Key Strategy: Program Belanja Nasional Triwulan I 2026 tembus Rp184 triliun

Program Belanja Nasional Triwulan I 2026 Tembus Rp184 Triliun

Jakarta – Mendag Budi Santoso mengungkapkan bahwa realisasi program belanja nasional selama tiga bulan pertama tahun 2026 mencapai Rp184,02 triliun, melebihi target yang ditetapkan sebelumnya. Dalam wawancara di Jakarta, hari Minggu, ia menyatakan capaian ini membuktikan bahwa kerja sama antara pemerintah dan pelaku usaha dapat menghasilkan dampak positif pada konsumsi masyarakat.

“Realisasi Program Belanja Nasional Triwulan I Tahun 2026 tercatat mencapai Rp184,02 triliun, melebihi target yang ditetapkan sebesar Rp172,38 triliun,” ujar Budi.

Kegiatan Friday Mubarak

Program ini, yang diinisiasi oleh Aprindo, berhasil mencatat transaksi sebesar Rp129,12 triliun atau 8,5 persen di atas target. Aktivitas berlangsung dari 11 Februari hingga 31 Maret 2026, dengan partisipasi sekitar 200 merek ritel, 11 juta pedagang pasar, 414 pusat perbelanjaan, serta 13.450 pasar rakyat di seluruh negeri.

BINA Lebaran

Sementara itu, program BINA Lebaran yang diselenggarakan oleh Hippindo juga mencatatkan kinerja baik, dengan total transaksi mencapai Rp54,9 triliun atau 2,8 persen lebih tinggi dari rencana. Jadwal pelaksanaan berlangsung pada 6 hingga 30 Maret 2026, melibatkan sekitar 800 merek, 80.000 gerai ritel, dan 400 pusat perbelanjaan yang tersebar di 24 provinsi.

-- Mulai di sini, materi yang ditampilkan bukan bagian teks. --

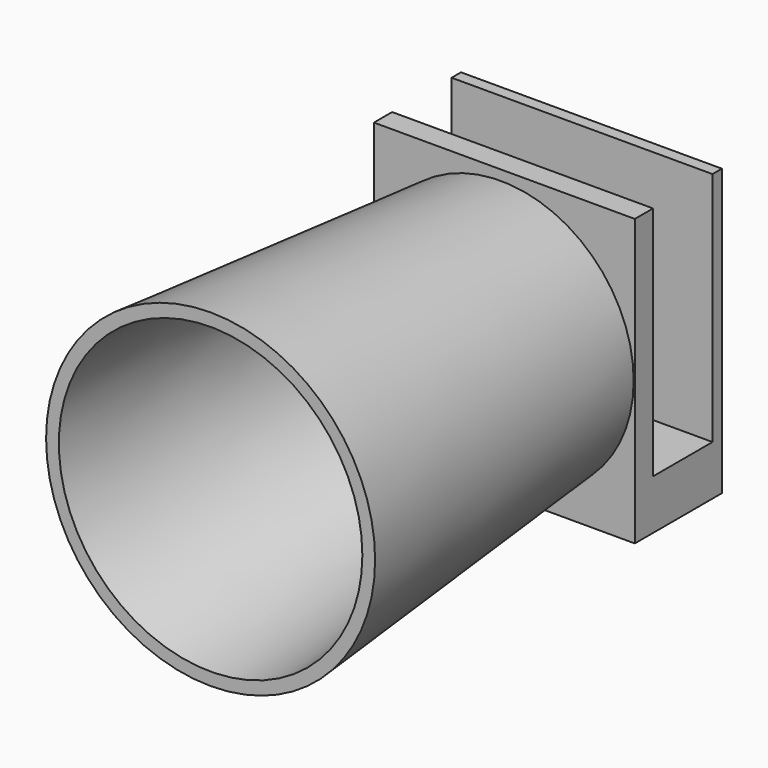
from build123d import *

# Parameters (mm, degrees)
F0_W     = 71.9023197889
F0_H     = 78.7298418581
F1_DEPTH = 30
F2_R     = 36.5885181047
F3_DEPTH = 100
F3_TAPER = -5
F4_T     = -3.5
F5_W     = 71.9023197889
F5_H     = 20.4825603869
F6_DEPTH = 65
F7_R     = 2.9162112623
F8_DEPTH = 0.7


# Not quite as in the source:
# - a feature names something its author has since deleted; it is built from what else it names


with BuildPart() as f1:
    # F0 (on Front) → F1 (new body)
    with BuildSketch(Plane.XZ):
        with Locations((0.9601190686, -0.0165458769)):
            Rectangle(F0_W, F0_H)
    extrude(amount=-F1_DEPTH)

    # F5 (on face) → F6 (cut)
    with BuildSketch(Plane.XY.offset(39.3483750522)):
        with Locations((0.9601190686, 16.5169640677)):
            Rectangle(F5_W, F5_H)
    extrude(amount=-F6_DEPTH, mode=Mode.SUBTRACT)

    # F7 (on face) → F8 (join)
    with BuildSketch(Plane(origin=(0, 0, -39.3814668059), x_dir=(1, 0, 0), z_dir=(0, 0, -1))):
        with BuildLine():
            ThreePointArc((14.4776685496, -14.7840142781), (15.3469177119, -15.6031117856), (16.1666244153, -16.4717864964))
            ThreePointArc((16.1666244153, -16.4717864964), (15.2599699365, -9.1616381984), (8.1129894908, -10.9451630765))
            ThreePointArc((8.1129894908, -10.9451630765), (9.2183727795, -11.3975374989), (10.2953179003, -11.9139714633))
            ThreePointArc((10.2953179003, -11.9139714633), (13.9140775904, -11.1229307961), (14.4776685496, -14.7840142781))
        make_face()
        with BuildLine():
            Line((-21.3132604836, -30), (21.3132604836, -30))
            ThreePointArc((21.3132604836, -30), (19.9831382718, -22.7629352736), (16.1666244153, -16.4717864964))
            ThreePointArc((16.1666244153, -16.4717864964), (15.3469177119, -15.6031117856), (14.4776685496, -14.7840142781))
            ThreePointArc((14.4776685496, -14.7840142781), (12.4762517876, -13.2181928071), (10.2953179003, -11.9139714633))
            ThreePointArc((10.2953179003, -11.9139714633), (9.2183727795, -11.3975374989), (8.1129894908, -10.9451630765))
            ThreePointArc((8.1129894908, -10.9451630765), (4.1215049239, -9.8938814056), (0, -9.6695170536))
            ThreePointArc((0, -9.6695170536), (-4.1215049239, -9.8938814056), (-8.1129894908, -10.9451630765))
            ThreePointArc((-8.1129894908, -10.9451630765), (-9.2183727795, -11.3975374989), (-10.2953179003, -11.9139714633))
            ThreePointArc((-10.2953179003, -11.9139714633), (-12.4762517876, -13.2181928071), (-14.4776685496, -14.7840142781))
            ThreePointArc((-14.4776685496, -14.7840142781), (-15.3469177119, -15.6031117856), (-16.1666244153, -16.4717864964))
            ThreePointArc((-16.1666244153, -16.4717864964), (-19.9831382718, -22.7629352736), (-21.3132604836, -30))
        make_face()
        with BuildLine():
            add(Edge.make_bspline(
                [(0, -23.3312174678), (-0.816430616, -23.1064193373), (-2.3968803534, -23.7472193633), (-1.266410215, -26.0162755449), (-0.3809565691, -26.0923855136), (0, -26.0908510536)],
                knots=[0, 0, 0, 0, 0.3606436386, 0.7173099723, 1, 1, 1, 1], degree=3))
            add(Edge.make_bspline(
                [(0, -23.3312174678), (0.816430616, -23.1064193373), (2.3968803534, -23.7472193633), (1.266410215, -26.0162755449), (0.3809565691, -26.0923855136), (0, -26.0908510536)],
                knots=[0, 0, 0, 0, 0.3606436386, 0.7173099723, 1, 1, 1, 1], degree=3))
        make_face(mode=Mode.SUBTRACT)
        with Locations((-6.3169230707, -18.1775894016)):
            Circle(F7_R, mode=Mode.SUBTRACT)
        with Locations((6.3169230707, -18.1775894016)):
            Circle(F7_R, mode=Mode.SUBTRACT)
        with BuildLine():
            ThreePointArc((-8.1129894908, -10.9451630765), (-15.2599699365, -9.1616381984), (-16.1666244153, -16.4717864964))
            ThreePointArc((-16.1666244153, -16.4717864964), (-15.3469177119, -15.6031117856), (-14.4776685496, -14.7840142781))
            ThreePointArc((-14.4776685496, -14.7840142781), (-13.9140775904, -11.1229307961), (-10.2953179003, -11.9139714633))
            ThreePointArc((-10.2953179003, -11.9139714633), (-9.2183727795, -11.3975374989), (-8.1129894908, -10.9451630765))
        make_face()
    extrude(amount=F8_DEPTH)


with BuildPart() as f3:
    # F2 (on Front) → F3 (new body)
    with BuildSketch(Plane.XZ):
        Circle(F2_R)
    extrude(amount=F3_DEPTH, taper=F3_TAPER)

    # F4
    f4_openings = [f3.faces().sort_by_distance(p)[0] for p in [
        (0, -100, 0),
    ]]
    offset(amount=F4_T, openings=f4_openings, kind=Kind.INTERSECTION)


solid = Compound([f1.part, f3.part])
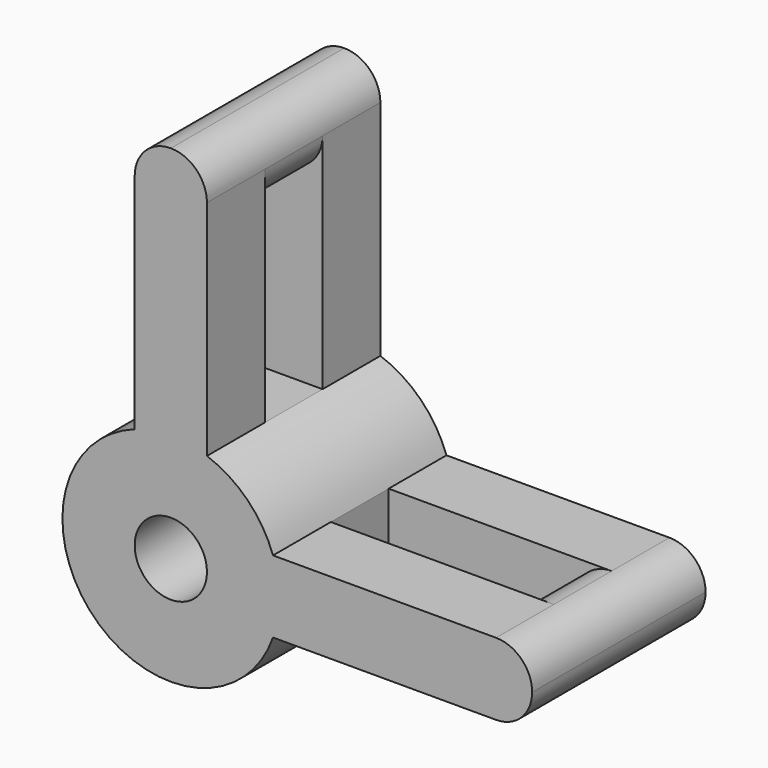
from build123d import *

# Parameters (mm, degrees)
F1_DEPTH = 15
F2_W     = 5
F2_H     = 12.9289321881
F3_DEPTH = 25
F4_W     = 12.9289321881
F4_H     = 5
F5_DEPTH = 25
F6_R     = 2.49999
F7_R     = 2.5
F8_DEPTH = 25


# Not quite as in the source:
# - a fillet or chamfer is up to 0.001 mm smaller than in the source, because OpenCascade refuses the exact size


with BuildPart() as f1:
    # F0 (on Front) → F1 (new body)
    with BuildSketch(Plane.XZ):
        with BuildLine():
            Line((2.5, 25), (-2.5, 25))
            Line((-2.5, 25), (-2.5, 7.0710678119))
            ThreePointArc((-2.5, 7.0710678119), (-5.3033008589, -5.3033008589), (7.0710678119, -2.5))
            Line((7.0710678119, -2.5), (25, -2.5))
            Line((25, -2.5), (25, 2.5))
            Line((25, 2.5), (7.0710678119, 2.5))
            ThreePointArc((7.0710678119, 2.5), (5.3033008589, 5.3033008589), (2.5, 7.0710678119))
            Line((2.5, 7.0710678119), (2.5, 25))
        make_face()
    extrude(amount=F1_DEPTH)

    # F2 (on face) → F3 (cut)
    with BuildSketch(Plane.YZ.offset(2.5)):
        with Locations((-7.5, 13.5355339059)):
            Rectangle(F2_W, F2_H)
    extrude(amount=-F3_DEPTH, mode=Mode.SUBTRACT)

    # F4 (on face) → F5 (cut)
    with BuildSketch(Plane.XY.offset(2.5)):
        with Locations((13.5355339059, -7.5)):
            Rectangle(F4_W, F4_H)
    extrude(amount=-F5_DEPTH, mode=Mode.SUBTRACT)

    # F6 (radius 2.5 in the source; OpenCascade refuses exactly that, so slightly less here)
    f6_edges = [f1.edges().sort_by_distance(p)[0] for p in [
        (-2.5, -7.5, 25),
        (2.5, -7.5, 25),
        (-2.5, -7.5, 20),
        (2.5, -7.5, 20),
        (25, -7.5, -2.5),
        (25, -7.5, 2.5),
        (20, -7.5, -2.5),
        (20, -7.5, 2.5),
    ]]
    fillet(f6_edges, radius=F6_R)

    # F7 (on face) → F8 (cut)
    with BuildSketch(Plane.XZ.offset(15)):
        Circle(F7_R)
    extrude(amount=-F8_DEPTH, mode=Mode.SUBTRACT)


solid = f1.part

Tren kunjungan masyarakat ke pusat perbelanjaan juga menunjukkan peningkatan. APPBI mencatat bahwa selama Ramadan dan libur Lebaran 1447 H/2026, jumlah pengunjung meningkat hingga 12 persen dibandingkan periode yang sama tahun sebelumnya. Konsumsi utama didominasi oleh sektor makanan dan minuman, serta hiburan.

“Pemerintah optimistis tren ini terus berlanjut, dengan proyeksi pertumbuhan kunjungan pada Triwulan I-2026 yang diperkirakan tetap tumbuh di atas 10 persen secara tahunan,” jelasnya.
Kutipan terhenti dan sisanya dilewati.